James: So the big thing that I’m most excited about, and it’s also still the largest piece that’s missing is an upgrade path for multiple versions. So in Kubernetes, there’s a very strong backwards and forwards compatibility guarantee for resources. So you can sort of ask for the V1beta1 version of a deployment, and it might be perhaps V1 in your cluster, and you’ll still be able to read it right now. So it’s nice there’s sort of mechanisms for translating between versions. So any clients consuming things, which would be like kube control as well as other controllers in the system, don’t need to all be updated in one go. It also means you can make containers and have them ship them around and not necessarily worry about the API that’s on the cluster it’s going in. So having that upgrade mechanism, or sort of translation layer for CRD users, somewhat long-standing, but also when it’s done it will be really awesome. Then you kind of don’t have to worry about, “Oh. What if I made a mistake in how I defined the CRD?” Well, it doesn’t matter. You can put in in the upgrade path later.
**Jelmer:** Yeah. That’s something I noticed with the work we’re doing now. It’s like, “Well, if we mess up the definition now, then we’ve got to change it all again.” Which for us isn’t really that big of a deal. The new things that we’re making are all just running development and stuff like that, so it’s like, no. That critical, if we need to wipe it and redo it, it’s fine, but yeah, that update class for critical bits is — yeah, it would be quite cool.
**James:** So with that, and there’s already some validation with open API schema, and then if you need complicated validation logic, you can use admission webhooks.
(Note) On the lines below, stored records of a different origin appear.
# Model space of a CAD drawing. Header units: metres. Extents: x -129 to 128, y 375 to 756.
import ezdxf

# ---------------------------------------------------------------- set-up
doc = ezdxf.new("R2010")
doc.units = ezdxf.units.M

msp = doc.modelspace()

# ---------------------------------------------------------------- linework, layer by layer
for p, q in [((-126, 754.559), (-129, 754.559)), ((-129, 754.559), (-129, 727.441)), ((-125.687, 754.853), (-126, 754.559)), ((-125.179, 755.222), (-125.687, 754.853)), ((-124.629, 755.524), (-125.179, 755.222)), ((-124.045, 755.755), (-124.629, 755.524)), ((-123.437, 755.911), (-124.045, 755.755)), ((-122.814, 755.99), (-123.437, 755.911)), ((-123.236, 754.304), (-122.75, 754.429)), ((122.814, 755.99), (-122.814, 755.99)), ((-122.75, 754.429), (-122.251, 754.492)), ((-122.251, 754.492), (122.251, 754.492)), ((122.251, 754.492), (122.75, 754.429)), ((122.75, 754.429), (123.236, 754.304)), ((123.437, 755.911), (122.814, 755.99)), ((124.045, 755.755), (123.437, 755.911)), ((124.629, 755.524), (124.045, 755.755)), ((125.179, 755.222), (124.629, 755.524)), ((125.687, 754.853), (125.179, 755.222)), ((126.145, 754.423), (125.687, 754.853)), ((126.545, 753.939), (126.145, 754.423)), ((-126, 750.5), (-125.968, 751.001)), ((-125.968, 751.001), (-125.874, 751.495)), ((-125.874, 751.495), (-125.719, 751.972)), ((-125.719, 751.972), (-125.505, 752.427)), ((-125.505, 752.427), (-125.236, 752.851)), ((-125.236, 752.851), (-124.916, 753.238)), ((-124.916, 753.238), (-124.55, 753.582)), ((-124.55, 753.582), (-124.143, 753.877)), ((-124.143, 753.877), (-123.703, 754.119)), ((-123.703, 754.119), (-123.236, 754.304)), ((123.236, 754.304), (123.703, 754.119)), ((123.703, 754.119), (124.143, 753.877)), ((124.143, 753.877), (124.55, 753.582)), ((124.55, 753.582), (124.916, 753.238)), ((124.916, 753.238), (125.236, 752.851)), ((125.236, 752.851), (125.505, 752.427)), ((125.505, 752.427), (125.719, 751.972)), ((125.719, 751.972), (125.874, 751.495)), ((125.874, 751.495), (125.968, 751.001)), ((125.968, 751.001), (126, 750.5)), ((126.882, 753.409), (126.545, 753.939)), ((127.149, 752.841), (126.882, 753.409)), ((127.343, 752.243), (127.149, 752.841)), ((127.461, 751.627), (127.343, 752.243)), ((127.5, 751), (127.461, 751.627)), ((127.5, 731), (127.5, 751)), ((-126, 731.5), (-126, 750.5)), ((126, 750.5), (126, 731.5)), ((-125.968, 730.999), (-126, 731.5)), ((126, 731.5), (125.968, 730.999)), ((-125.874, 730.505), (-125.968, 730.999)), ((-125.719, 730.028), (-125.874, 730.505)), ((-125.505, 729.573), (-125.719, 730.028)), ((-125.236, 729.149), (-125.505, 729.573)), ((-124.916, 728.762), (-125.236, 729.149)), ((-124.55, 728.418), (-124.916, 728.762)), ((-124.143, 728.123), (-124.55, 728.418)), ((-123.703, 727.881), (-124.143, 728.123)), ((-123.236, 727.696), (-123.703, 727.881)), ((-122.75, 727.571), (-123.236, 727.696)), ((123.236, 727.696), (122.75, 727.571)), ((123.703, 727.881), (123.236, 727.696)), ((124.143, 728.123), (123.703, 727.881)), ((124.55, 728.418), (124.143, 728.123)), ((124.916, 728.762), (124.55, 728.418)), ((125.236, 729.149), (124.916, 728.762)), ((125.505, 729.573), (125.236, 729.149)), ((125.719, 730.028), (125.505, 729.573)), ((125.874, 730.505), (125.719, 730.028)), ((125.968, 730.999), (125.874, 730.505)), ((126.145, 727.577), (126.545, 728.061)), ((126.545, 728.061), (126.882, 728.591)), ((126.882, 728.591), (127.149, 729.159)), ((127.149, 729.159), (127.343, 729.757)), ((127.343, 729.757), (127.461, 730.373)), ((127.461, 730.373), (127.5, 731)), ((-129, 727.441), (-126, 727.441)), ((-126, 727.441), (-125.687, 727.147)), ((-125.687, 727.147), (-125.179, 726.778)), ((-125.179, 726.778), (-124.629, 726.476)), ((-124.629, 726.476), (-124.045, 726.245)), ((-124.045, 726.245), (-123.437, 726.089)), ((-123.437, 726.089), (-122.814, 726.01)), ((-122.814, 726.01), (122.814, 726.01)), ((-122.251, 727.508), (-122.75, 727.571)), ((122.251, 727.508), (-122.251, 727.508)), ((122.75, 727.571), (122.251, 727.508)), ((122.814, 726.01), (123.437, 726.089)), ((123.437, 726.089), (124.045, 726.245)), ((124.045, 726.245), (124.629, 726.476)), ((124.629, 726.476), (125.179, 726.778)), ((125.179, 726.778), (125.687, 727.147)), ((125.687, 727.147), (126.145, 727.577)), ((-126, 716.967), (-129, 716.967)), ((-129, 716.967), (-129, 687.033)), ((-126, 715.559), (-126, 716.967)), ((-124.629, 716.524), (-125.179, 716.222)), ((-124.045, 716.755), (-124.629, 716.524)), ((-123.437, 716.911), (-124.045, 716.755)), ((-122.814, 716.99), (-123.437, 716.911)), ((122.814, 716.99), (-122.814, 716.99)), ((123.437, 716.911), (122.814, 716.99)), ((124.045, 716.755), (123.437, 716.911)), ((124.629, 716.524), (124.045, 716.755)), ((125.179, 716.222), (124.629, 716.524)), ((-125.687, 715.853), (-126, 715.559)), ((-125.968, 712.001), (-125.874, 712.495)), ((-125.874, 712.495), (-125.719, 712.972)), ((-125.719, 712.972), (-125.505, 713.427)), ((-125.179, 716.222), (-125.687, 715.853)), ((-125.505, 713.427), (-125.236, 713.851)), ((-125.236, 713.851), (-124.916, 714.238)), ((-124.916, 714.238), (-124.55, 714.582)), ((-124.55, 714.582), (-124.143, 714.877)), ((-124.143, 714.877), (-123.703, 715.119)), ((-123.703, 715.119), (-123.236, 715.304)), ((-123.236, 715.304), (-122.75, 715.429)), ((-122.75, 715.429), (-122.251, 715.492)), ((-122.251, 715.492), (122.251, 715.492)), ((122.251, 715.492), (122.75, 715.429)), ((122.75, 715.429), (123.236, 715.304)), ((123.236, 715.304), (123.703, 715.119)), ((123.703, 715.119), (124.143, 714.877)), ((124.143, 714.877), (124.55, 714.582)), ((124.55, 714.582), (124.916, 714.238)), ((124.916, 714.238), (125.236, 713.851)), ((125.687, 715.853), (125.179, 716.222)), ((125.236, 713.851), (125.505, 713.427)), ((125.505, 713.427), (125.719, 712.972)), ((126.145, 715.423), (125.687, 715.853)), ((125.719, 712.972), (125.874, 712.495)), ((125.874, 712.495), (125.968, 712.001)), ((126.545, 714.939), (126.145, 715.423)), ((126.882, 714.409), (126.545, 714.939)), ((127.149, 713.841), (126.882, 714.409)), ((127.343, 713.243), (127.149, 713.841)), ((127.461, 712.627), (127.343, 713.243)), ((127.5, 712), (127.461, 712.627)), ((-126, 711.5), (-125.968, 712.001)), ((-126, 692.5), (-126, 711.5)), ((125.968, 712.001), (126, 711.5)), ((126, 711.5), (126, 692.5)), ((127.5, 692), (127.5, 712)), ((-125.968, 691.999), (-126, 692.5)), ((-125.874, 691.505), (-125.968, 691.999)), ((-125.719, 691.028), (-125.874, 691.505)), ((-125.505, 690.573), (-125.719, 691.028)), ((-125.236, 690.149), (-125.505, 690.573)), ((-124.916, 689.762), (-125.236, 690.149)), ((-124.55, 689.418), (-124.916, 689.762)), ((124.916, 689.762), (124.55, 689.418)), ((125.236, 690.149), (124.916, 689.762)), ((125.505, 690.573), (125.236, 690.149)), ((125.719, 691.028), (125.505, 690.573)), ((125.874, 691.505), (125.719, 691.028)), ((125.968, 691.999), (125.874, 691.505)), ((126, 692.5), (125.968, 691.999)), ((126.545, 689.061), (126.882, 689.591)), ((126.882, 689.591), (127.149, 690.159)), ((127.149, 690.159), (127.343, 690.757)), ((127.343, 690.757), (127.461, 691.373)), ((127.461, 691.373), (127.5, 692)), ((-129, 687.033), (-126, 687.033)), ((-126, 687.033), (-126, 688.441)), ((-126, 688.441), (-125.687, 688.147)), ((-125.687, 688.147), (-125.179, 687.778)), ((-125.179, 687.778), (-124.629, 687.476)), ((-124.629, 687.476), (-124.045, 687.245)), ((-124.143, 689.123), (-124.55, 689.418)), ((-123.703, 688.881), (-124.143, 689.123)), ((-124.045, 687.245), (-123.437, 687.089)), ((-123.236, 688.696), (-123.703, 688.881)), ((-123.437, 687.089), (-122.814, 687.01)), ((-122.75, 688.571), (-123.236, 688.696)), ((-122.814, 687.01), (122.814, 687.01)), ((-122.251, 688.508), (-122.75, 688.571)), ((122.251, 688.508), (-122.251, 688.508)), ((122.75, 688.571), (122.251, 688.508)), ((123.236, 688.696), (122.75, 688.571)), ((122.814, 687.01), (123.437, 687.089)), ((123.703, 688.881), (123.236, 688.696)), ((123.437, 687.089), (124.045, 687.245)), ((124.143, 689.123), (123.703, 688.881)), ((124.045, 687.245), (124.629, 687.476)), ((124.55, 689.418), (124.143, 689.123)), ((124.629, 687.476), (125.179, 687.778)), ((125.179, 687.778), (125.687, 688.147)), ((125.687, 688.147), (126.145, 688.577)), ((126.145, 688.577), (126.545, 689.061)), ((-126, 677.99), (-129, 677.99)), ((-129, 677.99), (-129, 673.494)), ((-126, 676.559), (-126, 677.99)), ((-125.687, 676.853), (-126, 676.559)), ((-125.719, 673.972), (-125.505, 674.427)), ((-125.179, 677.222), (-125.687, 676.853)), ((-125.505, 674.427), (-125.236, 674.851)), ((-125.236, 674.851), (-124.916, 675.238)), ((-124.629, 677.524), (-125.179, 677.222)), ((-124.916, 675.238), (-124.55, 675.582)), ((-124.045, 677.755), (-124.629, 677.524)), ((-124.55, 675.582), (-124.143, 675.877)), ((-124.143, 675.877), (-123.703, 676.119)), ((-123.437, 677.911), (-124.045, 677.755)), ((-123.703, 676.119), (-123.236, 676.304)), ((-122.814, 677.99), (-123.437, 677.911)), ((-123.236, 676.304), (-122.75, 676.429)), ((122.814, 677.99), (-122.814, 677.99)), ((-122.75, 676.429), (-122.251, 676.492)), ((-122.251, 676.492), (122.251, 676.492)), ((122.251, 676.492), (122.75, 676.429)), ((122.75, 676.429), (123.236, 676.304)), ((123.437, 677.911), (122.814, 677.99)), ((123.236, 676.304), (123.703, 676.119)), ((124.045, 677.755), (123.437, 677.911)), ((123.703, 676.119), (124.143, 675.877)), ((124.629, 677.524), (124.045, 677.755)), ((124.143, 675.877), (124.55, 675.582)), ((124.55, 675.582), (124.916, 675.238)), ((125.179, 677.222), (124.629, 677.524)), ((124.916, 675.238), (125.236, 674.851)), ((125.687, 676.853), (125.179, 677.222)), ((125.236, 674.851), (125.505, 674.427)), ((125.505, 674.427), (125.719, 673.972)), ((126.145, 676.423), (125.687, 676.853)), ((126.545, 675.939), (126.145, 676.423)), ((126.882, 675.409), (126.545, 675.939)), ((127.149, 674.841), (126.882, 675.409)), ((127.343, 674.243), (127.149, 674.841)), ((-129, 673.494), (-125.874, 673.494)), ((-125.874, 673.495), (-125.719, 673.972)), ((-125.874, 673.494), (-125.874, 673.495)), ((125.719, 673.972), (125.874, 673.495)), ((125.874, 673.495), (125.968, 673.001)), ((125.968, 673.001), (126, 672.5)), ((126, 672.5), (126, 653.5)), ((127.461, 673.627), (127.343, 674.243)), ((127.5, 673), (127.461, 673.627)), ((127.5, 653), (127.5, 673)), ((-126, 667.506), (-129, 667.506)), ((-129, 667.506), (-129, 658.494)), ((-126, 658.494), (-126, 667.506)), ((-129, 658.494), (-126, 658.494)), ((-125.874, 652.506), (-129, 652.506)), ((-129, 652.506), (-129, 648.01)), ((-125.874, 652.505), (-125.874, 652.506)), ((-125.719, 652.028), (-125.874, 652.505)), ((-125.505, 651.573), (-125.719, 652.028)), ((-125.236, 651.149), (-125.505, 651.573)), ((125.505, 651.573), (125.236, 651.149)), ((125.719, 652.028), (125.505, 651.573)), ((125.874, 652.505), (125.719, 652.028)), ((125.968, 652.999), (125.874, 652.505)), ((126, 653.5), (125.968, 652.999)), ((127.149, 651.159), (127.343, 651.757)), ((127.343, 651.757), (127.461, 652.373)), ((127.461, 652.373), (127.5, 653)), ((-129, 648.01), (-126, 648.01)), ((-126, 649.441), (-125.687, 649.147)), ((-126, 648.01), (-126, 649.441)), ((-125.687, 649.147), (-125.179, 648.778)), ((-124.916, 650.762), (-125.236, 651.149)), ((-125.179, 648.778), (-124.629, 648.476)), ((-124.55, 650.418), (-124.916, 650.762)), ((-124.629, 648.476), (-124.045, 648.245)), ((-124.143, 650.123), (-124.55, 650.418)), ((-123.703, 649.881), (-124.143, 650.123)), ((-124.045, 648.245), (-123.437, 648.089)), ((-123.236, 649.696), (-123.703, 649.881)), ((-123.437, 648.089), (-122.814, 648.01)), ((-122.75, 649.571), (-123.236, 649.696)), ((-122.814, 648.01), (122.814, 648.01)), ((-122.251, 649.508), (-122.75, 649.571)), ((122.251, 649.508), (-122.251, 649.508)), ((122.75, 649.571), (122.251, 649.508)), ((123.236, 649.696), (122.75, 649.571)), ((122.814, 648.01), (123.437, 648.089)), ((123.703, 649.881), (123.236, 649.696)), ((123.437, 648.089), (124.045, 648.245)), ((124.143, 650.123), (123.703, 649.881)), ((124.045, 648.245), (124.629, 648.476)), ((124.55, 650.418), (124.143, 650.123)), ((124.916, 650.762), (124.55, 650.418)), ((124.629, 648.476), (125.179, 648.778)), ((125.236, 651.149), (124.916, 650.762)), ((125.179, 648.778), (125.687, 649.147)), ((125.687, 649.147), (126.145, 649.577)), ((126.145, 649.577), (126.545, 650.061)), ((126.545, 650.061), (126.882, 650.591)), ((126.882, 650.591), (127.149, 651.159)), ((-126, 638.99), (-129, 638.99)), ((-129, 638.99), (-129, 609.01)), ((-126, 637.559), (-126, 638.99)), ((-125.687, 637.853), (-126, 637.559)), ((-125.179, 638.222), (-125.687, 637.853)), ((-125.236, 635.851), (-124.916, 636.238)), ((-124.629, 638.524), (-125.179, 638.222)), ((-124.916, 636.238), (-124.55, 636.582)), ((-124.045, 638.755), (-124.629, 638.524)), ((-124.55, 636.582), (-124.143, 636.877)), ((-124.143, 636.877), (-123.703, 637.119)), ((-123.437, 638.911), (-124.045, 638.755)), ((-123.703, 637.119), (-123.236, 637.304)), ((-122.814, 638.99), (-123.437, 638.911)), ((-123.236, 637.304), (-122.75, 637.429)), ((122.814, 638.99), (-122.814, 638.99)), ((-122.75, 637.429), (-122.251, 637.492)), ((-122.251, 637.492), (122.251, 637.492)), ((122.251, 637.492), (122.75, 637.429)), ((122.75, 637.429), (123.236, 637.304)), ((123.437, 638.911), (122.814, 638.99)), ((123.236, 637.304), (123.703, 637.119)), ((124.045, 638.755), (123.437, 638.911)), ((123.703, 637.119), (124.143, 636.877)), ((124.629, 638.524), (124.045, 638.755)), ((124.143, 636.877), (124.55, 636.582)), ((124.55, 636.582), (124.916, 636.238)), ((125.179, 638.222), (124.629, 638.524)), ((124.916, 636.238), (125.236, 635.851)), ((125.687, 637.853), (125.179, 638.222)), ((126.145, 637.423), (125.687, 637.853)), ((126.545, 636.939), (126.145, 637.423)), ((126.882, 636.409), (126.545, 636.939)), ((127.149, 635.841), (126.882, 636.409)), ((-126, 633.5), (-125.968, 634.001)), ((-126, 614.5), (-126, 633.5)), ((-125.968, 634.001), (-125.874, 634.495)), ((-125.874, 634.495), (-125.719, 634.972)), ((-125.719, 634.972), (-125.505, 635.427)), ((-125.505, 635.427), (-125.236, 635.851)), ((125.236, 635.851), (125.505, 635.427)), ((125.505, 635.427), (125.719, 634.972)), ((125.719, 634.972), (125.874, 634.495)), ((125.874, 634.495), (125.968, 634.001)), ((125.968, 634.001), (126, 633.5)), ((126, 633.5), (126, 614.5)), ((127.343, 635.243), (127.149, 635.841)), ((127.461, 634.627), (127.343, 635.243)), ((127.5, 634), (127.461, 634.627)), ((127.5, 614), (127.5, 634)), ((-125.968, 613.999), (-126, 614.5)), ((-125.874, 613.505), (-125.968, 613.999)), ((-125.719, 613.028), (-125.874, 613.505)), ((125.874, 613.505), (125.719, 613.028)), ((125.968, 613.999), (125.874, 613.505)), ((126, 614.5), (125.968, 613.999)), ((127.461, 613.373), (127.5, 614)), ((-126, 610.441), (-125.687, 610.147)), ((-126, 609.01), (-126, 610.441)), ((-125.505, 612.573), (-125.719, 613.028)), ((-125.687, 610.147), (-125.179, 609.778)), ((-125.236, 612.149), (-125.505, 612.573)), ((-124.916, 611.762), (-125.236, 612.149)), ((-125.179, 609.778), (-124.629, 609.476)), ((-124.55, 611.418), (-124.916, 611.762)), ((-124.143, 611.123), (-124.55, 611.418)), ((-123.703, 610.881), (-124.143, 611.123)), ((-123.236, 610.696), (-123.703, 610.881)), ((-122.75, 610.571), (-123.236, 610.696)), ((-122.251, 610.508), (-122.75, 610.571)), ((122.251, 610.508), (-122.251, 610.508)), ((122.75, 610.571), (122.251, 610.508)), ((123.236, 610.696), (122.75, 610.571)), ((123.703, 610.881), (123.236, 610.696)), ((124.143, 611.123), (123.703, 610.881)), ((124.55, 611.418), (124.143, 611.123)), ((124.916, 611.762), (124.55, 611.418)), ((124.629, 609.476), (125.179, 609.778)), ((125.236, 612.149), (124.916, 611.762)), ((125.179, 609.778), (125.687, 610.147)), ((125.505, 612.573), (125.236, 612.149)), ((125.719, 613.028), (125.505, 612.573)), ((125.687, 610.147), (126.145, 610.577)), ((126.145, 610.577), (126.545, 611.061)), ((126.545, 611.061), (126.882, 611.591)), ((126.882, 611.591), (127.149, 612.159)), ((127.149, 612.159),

Oh, and then there’s also something new that’s like still sort of on the development branch as a way to annotate fields in a CRD as things that should be shown when you do a kube kind of list. So that’s pretty awesome. The difference between a CRD and a sort of intrinsic resource is shrinking all the time, and you could really see a point where many of the resources that are defined within the Kubernetes core just become implemented as CRDs instead. So that you get to the point where the only actual resource defined in Kubernetes is the custom resource definition, and everything else is just done as custom resources.
Jelmer: Then it would actually be possible to say, “I’m just going to deploy a cluster that only knows about pods, and nothing else.” And then people can only deploy pods and nothing else anymore.
James: Yeah. It might be dangerous but conceptually it’s really neat.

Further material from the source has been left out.